When you hear the phrase “reinventing the wheel”, how does it make you feel? I’ve always thought of it as a bad thing, something to be avoided, a sign that I’m doing things wrong.

When you hear the phrase “reinventing the wheel”, how does it make you feel? I’ve always thought of it as a bad thing, something to be avoided, a sign that I’m doing things wrong.

In my work with coalitions, I’ve talked about the need to avoid reinventing the wheel - after all, why waste time and resources reinventing something that already exists, that someone’s already figured out?

So imagine my surprise in a recent meeting with a school mental health coalition I work with when one of the members said that avoiding reinventing the wheel shouldn’t be a goal, can’t be a goal, that it’s not possible. That instead, we should focus on creating systems and processes that allow reinvention of the wheel to happen faster, so we waste fewer time and resources.

My mind was blown.

Because, I realized, he was right.

When a school or organization gets new leadership, they might reinvent the wheel because it’s the only way they’ll be fully bought in to the solution, with a stronger understanding and belief in what needs to be done and why. Or maybe the wheel was developed a while ago and needs updating for the current context. Or maybe it was created for a different community and needs to be adapted to ours.

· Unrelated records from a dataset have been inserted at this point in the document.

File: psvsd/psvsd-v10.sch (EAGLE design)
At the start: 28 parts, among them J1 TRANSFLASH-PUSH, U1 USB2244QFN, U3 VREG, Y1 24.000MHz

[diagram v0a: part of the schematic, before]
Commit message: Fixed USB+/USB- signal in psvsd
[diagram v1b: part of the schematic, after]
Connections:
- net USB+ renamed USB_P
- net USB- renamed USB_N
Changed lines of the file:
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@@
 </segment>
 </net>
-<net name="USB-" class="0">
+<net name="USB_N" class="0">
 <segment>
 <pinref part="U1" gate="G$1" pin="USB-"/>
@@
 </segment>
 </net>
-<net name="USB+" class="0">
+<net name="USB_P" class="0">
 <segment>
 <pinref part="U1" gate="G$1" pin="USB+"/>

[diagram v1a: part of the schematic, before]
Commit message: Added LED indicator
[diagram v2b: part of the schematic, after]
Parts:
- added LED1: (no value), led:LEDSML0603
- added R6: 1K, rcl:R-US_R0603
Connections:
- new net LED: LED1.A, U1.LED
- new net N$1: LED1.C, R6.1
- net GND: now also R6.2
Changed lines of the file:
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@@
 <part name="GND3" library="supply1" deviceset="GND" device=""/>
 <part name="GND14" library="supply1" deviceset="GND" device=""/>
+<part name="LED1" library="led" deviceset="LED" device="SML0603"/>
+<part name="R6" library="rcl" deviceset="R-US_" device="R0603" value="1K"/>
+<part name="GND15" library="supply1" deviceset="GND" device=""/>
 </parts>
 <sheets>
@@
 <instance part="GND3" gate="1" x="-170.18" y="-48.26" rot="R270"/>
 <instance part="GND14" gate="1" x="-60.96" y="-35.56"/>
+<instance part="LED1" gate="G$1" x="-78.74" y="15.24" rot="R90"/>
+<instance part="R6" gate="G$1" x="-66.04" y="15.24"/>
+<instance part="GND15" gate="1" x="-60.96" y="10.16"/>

So there are actually a few different reasons why reinventing the wheel might not be an entirely bad thing. Plus, it’s kind of human nature, so maybe it's more effective and realistic to assume it will happen but do what we can to speed up the process.

So how can we make the inevitable reinventing of the wheel that will happen faster?

  • Internal documentation: document your coalition’s strategy, process, pivots, actions, accomplishments, challenges, outcomes, membership, partners - not just in a mass of disorganized files (I’ve totally been guilty of that before!) but in a running document with summaries and takeaways (and hyperlinks to key files), as if you were onboarding someone.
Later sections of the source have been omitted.